We’re running out of time here, but I just have one last question I’d like to ask you today, which is if you were running the interview, what is the one question that you would want to ask yourself and what’s the answer?
I like that question. We sort of talked about it, but I do think and you sort of asked this, Phil. But I mean, I would just put a pin on it, which is, “What is going to be the impact of LLMs on our space?” I think that that’s the most interesting question that we’re all confronted with now. I don’t come here today pretending to have the answer to that. You know, I will be a very wealthy person soon if I do find the answer to that.
But I think, from our point of view, we think that LLMs are going to get deployed quickly. We see immense benefit to them. I don’t want to say they’re overhyped or underhyped. But, this is a real leap forward in terms of the state of the art of technology. I think because of that, there’s immense interest in it.

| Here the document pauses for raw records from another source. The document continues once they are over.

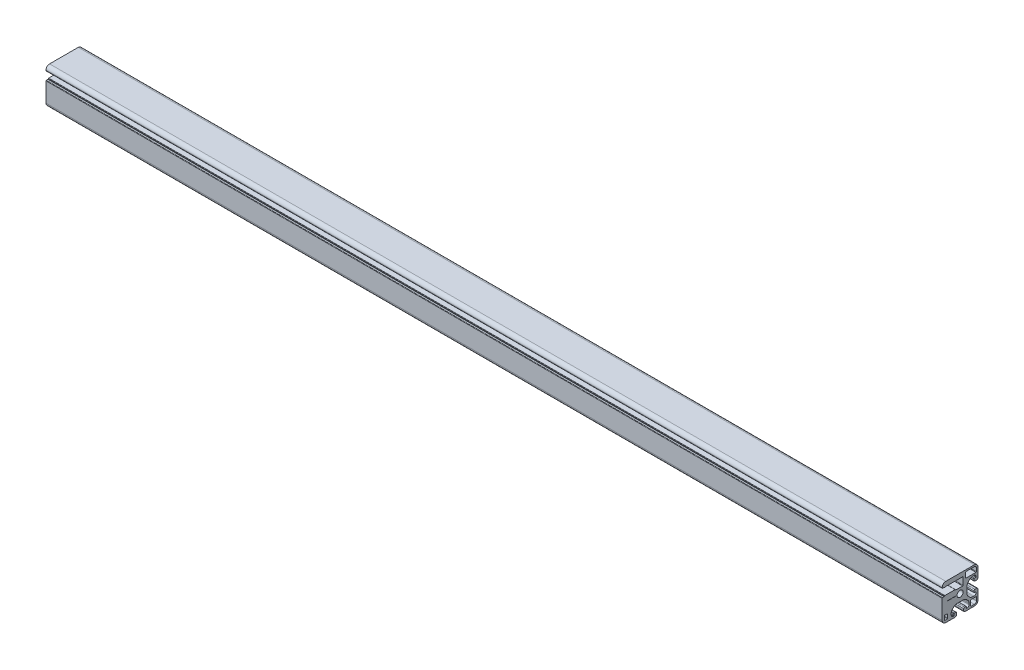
from build123d import *

# Parameters (mm, degrees)
MODEL_R                = 3.39490081
STRUKTURBAUTEIL1_DEPTH = 1000


with BuildPart() as part:
    # Model → Strukturbauteil1 (new body)
    with BuildSketch(Plane(origin=(0, 0, 0), x_dir=(0, 0, -1), z_dir=(1, 0, 0))):
        with BuildLine():
            Line((-19.970004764, 15.976003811), (-19.970004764, 15.476753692))
            ThreePointArc((-19.970004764, 15.476753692), (-19.82377779, 15.123730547), (-19.470754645, 14.977503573))
            Line((-19.470754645, 14.977503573), (-17.274054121, 14.977503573))
            ThreePointArc((-17.274054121, 14.977503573), (-16.974504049, 14.677953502), (-16.674953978, 14.977503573))
            Line((-16.674953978, 14.977503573), (-14.278553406, 14.977503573))
            ThreePointArc((-14.278553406, 14.977503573), (-13.979003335, 14.677953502), (-13.679453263, 14.977503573))
            Line((-13.679453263, 14.977503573), (-11.283052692, 14.977503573))
            ThreePointArc((-11.283052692, 14.977503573), (-10.98350262, 14.677953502), (-10.683952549, 14.977503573))
            Line((-10.683952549, 14.977503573), (-8.287551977, 14.977503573))
            ThreePointArc((-8.287551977, 14.977503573), (-7.988001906, 14.677953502), (-7.688451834, 14.977503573))
            Line((-7.688451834, 14.977503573), (-5.292051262, 14.977503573))
            ThreePointArc((-5.292051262, 14.977503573), (-4.992501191, 14.677953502), (-4.69295112, 14.977503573))
            Line((-4.69295112, 14.977503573), (2.795800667, 14.977503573))
            ThreePointArc((2.795800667, 14.977503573), (3.148823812, 14.831276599), (3.295050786, 14.478253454))
            Line((3.295050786, 14.478253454), (3.295050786, 6.490251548))
            ThreePointArc((3.295050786, 6.490251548), (3.148823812, 6.137228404), (2.795800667, 5.991001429))
            Line((2.795800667, 5.991001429), (-4.493251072, 5.991001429))
            ThreePointArc((-4.493251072, 5.991001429), (-4.846274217, 5.844774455), (-4.992501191, 5.49175131))
            Line((-4.992501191, 5.49175131), (-4.992501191, 0.499250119))
            ThreePointArc((-4.992501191, 0.499250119), (-5.138728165, 0.146226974), (-5.49175131, 0))
            Line((-5.49175131, 0), (-13.379903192, 0))
            ThreePointArc((-13.379903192, 0), (-13.732926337, -0.146226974), (-13.879153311, -0.499250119))
            Line((-13.879153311, -0.499250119), (-13.879153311, -11.460142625))
            Line((-13.879153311, -11.460142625), (-13.979003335, -11.460142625))
            Line((-13.979003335, -11.460142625), (-13.979003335, -0.050382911))
            ThreePointArc((-13.979003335, -0.050382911), (-13.89126715, 0.161430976), (-13.679453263, 0.249167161))
            Line((-13.679453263, 0.249167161), (-5.591601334, 0.249167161))
            ThreePointArc((-5.591601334, 0.249167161), (-5.379787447, 0.336903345), (-5.292051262, 0.548717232))
            Line((-5.292051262, 0.548717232), (-5.292051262, 6.439868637))
            ThreePointArc((-5.292051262, 6.439868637), (-5.379787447, 6.651682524), (-5.591601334, 6.739418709))
            Line((-5.591601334, 6.739418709), (-16.974504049, 6.739418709))
            ThreePointArc((-16.974504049, 6.739418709), (-17.186317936, 6.651682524), (-17.274054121, 6.439868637))
            Line((-17.274054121, 6.439868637), (-17.274054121, -11.460142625))
            Line((-17.274054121, -11.460142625), (-17.373904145, -11.460142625))
            Line((-17.373904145, -11.460142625), (-17.373904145, 5.49175131))
            ThreePointArc((-17.373904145, 5.49175131), (-17.520131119, 5.844774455), (-17.873154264, 5.991001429))
            Line((-17.873154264, 5.991001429), (-19.470754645, 5.991001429))
            ThreePointArc((-19.470754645, 5.991001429), (-19.82377779, 5.844774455), (-19.970004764, 5.49175131))
            Line((-19.970004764, 5.49175131), (-19.970004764, -15.976003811))
            ThreePointArc((-19.970004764, -15.976003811), (-18.800188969, -18.800188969), (-15.976003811, -19.970004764))
            Line((-15.976003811, -19.970004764), (-5.49175131, -19.970004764))
            ThreePointArc((-5.49175131, -19.970004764), (-4.432681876, -19.531323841), (-3.994000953, -18.472254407))
            Line((-3.994000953, -18.472254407), (-3.994000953, -16.47525393))
            ThreePointArc((-3.994000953, -16.47525393), (-4.286454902, -15.769207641), (-4.992501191, -15.476753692))
            Line((-4.992501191, -15.476753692), (-6.490251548, -15.476753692))
            ThreePointArc((-6.490251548, -15.476753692), (-6.843274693, -15.622980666), (-6.989501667, -15.976003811))
            Line((-6.989501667, -15.976003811), (-6.989501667, -17.473754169))
            ThreePointArc((-6.989501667, -17.473754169), (-7.135728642, -17.826777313), (-7.488751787, -17.973004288))
            ThreePointArc((-7.488751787, -17.973004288), (-9.25386751, -17.241869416), (-9.985002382, -15.476753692))
            Line((-9.985002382, -15.476753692), (-9.985002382, -14.171102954))
            ThreePointArc((-9.985002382, -14.171102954), (-9.604970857, -12.260555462), (-8.522732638, -10.640871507))
            Line((-8.522732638, -10.640871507), (-7.082507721, -9.20064659))
            ThreePointArc((-7.082507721, -9.20064659), (-5.462823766, -8.118408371), (-3.552276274, -7.738376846))
            Line((-3.552276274, -7.738376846), (3.552276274, -7.738376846))
            ThreePointArc((3.552276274, -7.738376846), (5.462823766, -8.118408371), (7.082507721, -9.20064659))
            Line((7.082507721, -9.20064659), (8.522732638, -10.640871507))
            ThreePointArc((8.522732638, -10.640871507), (9.604970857, -12.260555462), (9.985002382, -14.171102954))
            Line((9.985002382, -14.171102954), (9.985002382, -15.476753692))
            ThreePointArc((9.985002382, -15.476753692), (9.25386751, -17.241869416), (7.488751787, -17.973004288))
            ThreePointArc((7.488751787, -17.973004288), (7.135728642, -17.826777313), (6.989501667, -17.473754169))
            Line((6.989501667, -17.473754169), (6.989501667, -15.976003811))
            ThreePointArc((6.989501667, -15.976003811), (6.843274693, -15.622980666), (6.490251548, -15.476753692))
            Line((6.490251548, -15.476753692), (4.992501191, -15.476753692))
            ThreePointArc((4.992501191, -15.476753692), (4.286454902, -15.769207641), (3.994000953, -16.47525393))
            Line((3.994000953, -16.47525393), (3.994000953, -18.472254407))
            ThreePointArc((3.994000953, -18.472254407), (4.432681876, -19.531323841), (5.49175131, -19.970004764))
            Line((5.49175131, -19.970004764), (15.976003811, -19.970004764))
            ThreePointArc((15.976003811, -19.970004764), (18.800188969, -18.800188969), (19.970004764, -15.976003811))
            Line((19.970004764, -15.976003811), (19.970004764, -5.49175131))
            ThreePointArc((19.970004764, -5.49175131), (19.531323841, -4.432681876), (18.472254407, -3.994000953))
            Line((18.472254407, -3.994000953), (16.47525393, -3.994000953))
            ThreePointArc((16.47525393, -3.994000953), (15.769207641, -4.286454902), (15.476753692, -4.992501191))
            Line((15.476753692, -4.992501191), (15.476753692, -6.490251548))
            ThreePointArc((15.476753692, -6.490251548), (15.622980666, -6.843274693), (15.976003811, -6.989501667))
            Line((15.976003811, -6.989501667), (17.473754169, -6.989501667))
            ThreePointArc((17.473754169, -6.989501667), (17.826777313, -7.135728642), (17.973004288, -7.488751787))
            ThreePointArc((17.973004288, -7.488751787), (17.241869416, -9.25386751), (15.476753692, -9.985002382))
            Line((15.476753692, -9.985002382), (14.171102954, -9.985002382))
            ThreePointArc((14.171102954, -9.985002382), (12.260555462, -9.604970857), (10.640871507, -8.522732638))
            Line((10.640871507, -8.522732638), (9.20064659, -7.082507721))
            ThreePointArc((9.20064659, -7.082507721), (8.118408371, -5.462823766), (7.738376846, -3.552276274))
            Line((7.738376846, -3.552276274), (7.738376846, 3.552276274))
            ThreePointArc((7.738376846, 3.552276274), (8.118408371, 5.462823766), (9.20064659, 7.082507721))
            Line((9.20064659, 7.082507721), (10.640871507, 8.522732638))
            ThreePointArc((10.640871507, 8.522732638), (12.260555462, 9.604970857), (14.171102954, 9.985002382))
            Line((14.171102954, 9.985002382), (15.476753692, 9.985002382))
            ThreePointArc((15.476753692, 9.985002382), (17.241869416, 9.25386751), (17.973004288, 7.488751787))
            ThreePointArc((17.973004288, 7.488751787), (17.826777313, 7.135728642), (17.473754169, 6.989501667))
            Line((17.473754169, 6.989501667), (15.976003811, 6.989501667))
            ThreePointArc((15.976003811, 6.989501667), (15.622980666, 6.843274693), (15.476753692, 6.490251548))
            Line((15.476753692, 6.490251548), (15.476753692, 4.992501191))
            ThreePointArc((15.476753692, 4.992501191), (15.769207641, 4.286454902), (16.47525393, 3.994000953))
            Line((16.47525393, 3.994000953), (18.472254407, 3.994000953))
            ThreePointArc((18.472254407, 3.994000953), (19.531323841, 4.432681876), (19.970004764, 5.49175131))
            Line((19.970004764, 5.49175131), (19.970004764, 15.976003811))
            ThreePointArc((19.970004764, 15.976003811), (18.800188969, 18.800188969), (15.976003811, 19.970004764))
            Line((15.976003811, 19.970004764), (-15.976003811, 19.970004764))
            ThreePointArc((-15.976003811, 19.970004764), (-18.800188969, 18.800188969), (-19.970004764, 15.976003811))
        make_face()
        Circle(MODEL_R, mode=Mode.SUBTRACT)
        with BuildLine():
            Line((-17.373904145, -16.674953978), (-17.373904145, -11.932535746))
            Line((-17.373904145, -11.932535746), (-17.274054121, -11.932535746))
            ThreePointArc((-17.274054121, -11.932535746), (-17.186317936, -12.144349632), (-16.974504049, -12.232085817))
            Line((-16.974504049, -12.232085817), (-14.278553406, -12.232085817))
            ThreePointArc((-14.278553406, -12.232085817), (-14.066739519, -12.144349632), (-13.979003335, -11.932535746))
            Line((-13.979003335, -11.932535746), (-13.879153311, -11.932535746))
            Line((-13.879153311, -11.932535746), (-13.879153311, -16.674953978))
            ThreePointArc((-13.879153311, -16.674953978), (-14.025380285, -17.027977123), (-14.37840343, -17.174204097))
            Line((-14.37840343, -17.174204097), (-16.874654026, -17.174204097))
            ThreePointArc((-16.874654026, -17.174204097), (-17.22767717, -17.027977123), (-17.373904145, -16.674953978))
        make_face(mode=Mode.SUBTRACT)
        with BuildLine():
            Line((12.28155293, -18.172704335), (15.976003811, -18.172704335))
            ThreePointArc((15.976003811, -18.172704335), (17.529305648, -17.529305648), (18.172704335, -15.976003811))
            Line((18.172704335, -15.976003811), (18.172704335, -12.28155293))
            ThreePointArc((18.172704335, -12.28155293), (18.026477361, -11.928529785), (17.673454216, -11.782302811))
            Line((17.673454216, -11.782302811), (12.28155293, -11.782302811))
            ThreePointArc((12.28155293, -11.782302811), (11.928529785, -11.928529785), (11.782302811, -12.28155293))
            Line((11.782302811, -12.28155293), (11.782302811, -17.673454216))
            ThreePointArc((11.782302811, -17.673454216), (11.928529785, -18.026477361), (12.28155293, -18.172704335))
        make_face(mode=Mode.SUBTRACT)
        with BuildLine():
            Line((6.290551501, 17.673454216), (6.290551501, 12.28155293))
            ThreePointArc((6.290551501, 12.28155293), (6.436778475, 11.928529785), (6.78980162, 11.782302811))
            Line((6.78980162, 11.782302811), (17.673454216, 11.782302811))
            ThreePointArc((17.673454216, 11.782302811), (18.026477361, 11.928529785), (18.172704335, 12.28155293))
            Line((18.172704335, 12.28155293), (18.172704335, 15.976003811))
            ThreePointArc((18.172704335, 15.976003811), (17.529305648, 17.529305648), (15.976003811, 18.172704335))
            Line((15.976003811, 18.172704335), (6.78980162, 18.172704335))
            ThreePointArc((6.78980162, 18.172704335), (6.436778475, 18.026477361), (6.290551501, 17.673454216))
        make_face(mode=Mode.SUBTRACT)
    extrude(amount=STRUKTURBAUTEIL1_DEPTH)


solid = part.part

People are going to start deploying it, finding use cases for it. It’s going to unlock use cases they couldn’t do before. And I think for customers that are out there that are thinking about it, the thing I would sort of say to them is: do it. But then you do want to work with partners such as Bespoken and LXT so that you are able to do it safely. So that you are evaluating the answers and the quality of the responses that these engines are giving to make sure that your customers are getting the best possible representation of your organization and your knowledge.
I think that that’s the promise that they hold. I also don’t think people should be frightened about it. This is where it goes back to an ROI question, you know I mean if we go back to the example of me as a patient, I mean, if it’s 78% correct on diagnosis, getting me the information, that is very useful 70% of the time. I think that’s still really helpful. What if you can get it to 75, though? You know what? If you get it to 78, what if you get it to 80? It’s worth your time to look at that and to do that optimization. That’s what we’ve seen from the outset. And the sort of message that’s, you know, or the mission that’s informed us.
And I think my hypothesis on how these LLMs fit in is that it’s going to continue to hold even more so because the whole trend that I believe was the case with AI is it’s less development that’s going down and you’re testing and your quality assurance and your data goes up in terms of its importance.
And that equation is continuing to become more and more differentiated. So that’s what we see happening. But at the same time, I will gladly revisit this with you in a year or two years, and we can see how it plays out because it’s going to be, whatever happens, it’s going to be fun I think.
Yeah, I like your assessment of that. Like the idea of reconvening in a year or so and comparing notes on how that’s actually gone, how things have actually played out. So thank you. That was a well-selected question. I’m glad you asked, and thanks again for spending time with us today. It’s been really stimulating and interesting conversation as I expected it would be. Thanks very much and I look forward to speaking to you again before too long.
Yeah. Thank you, Phil. It’s great talking with you.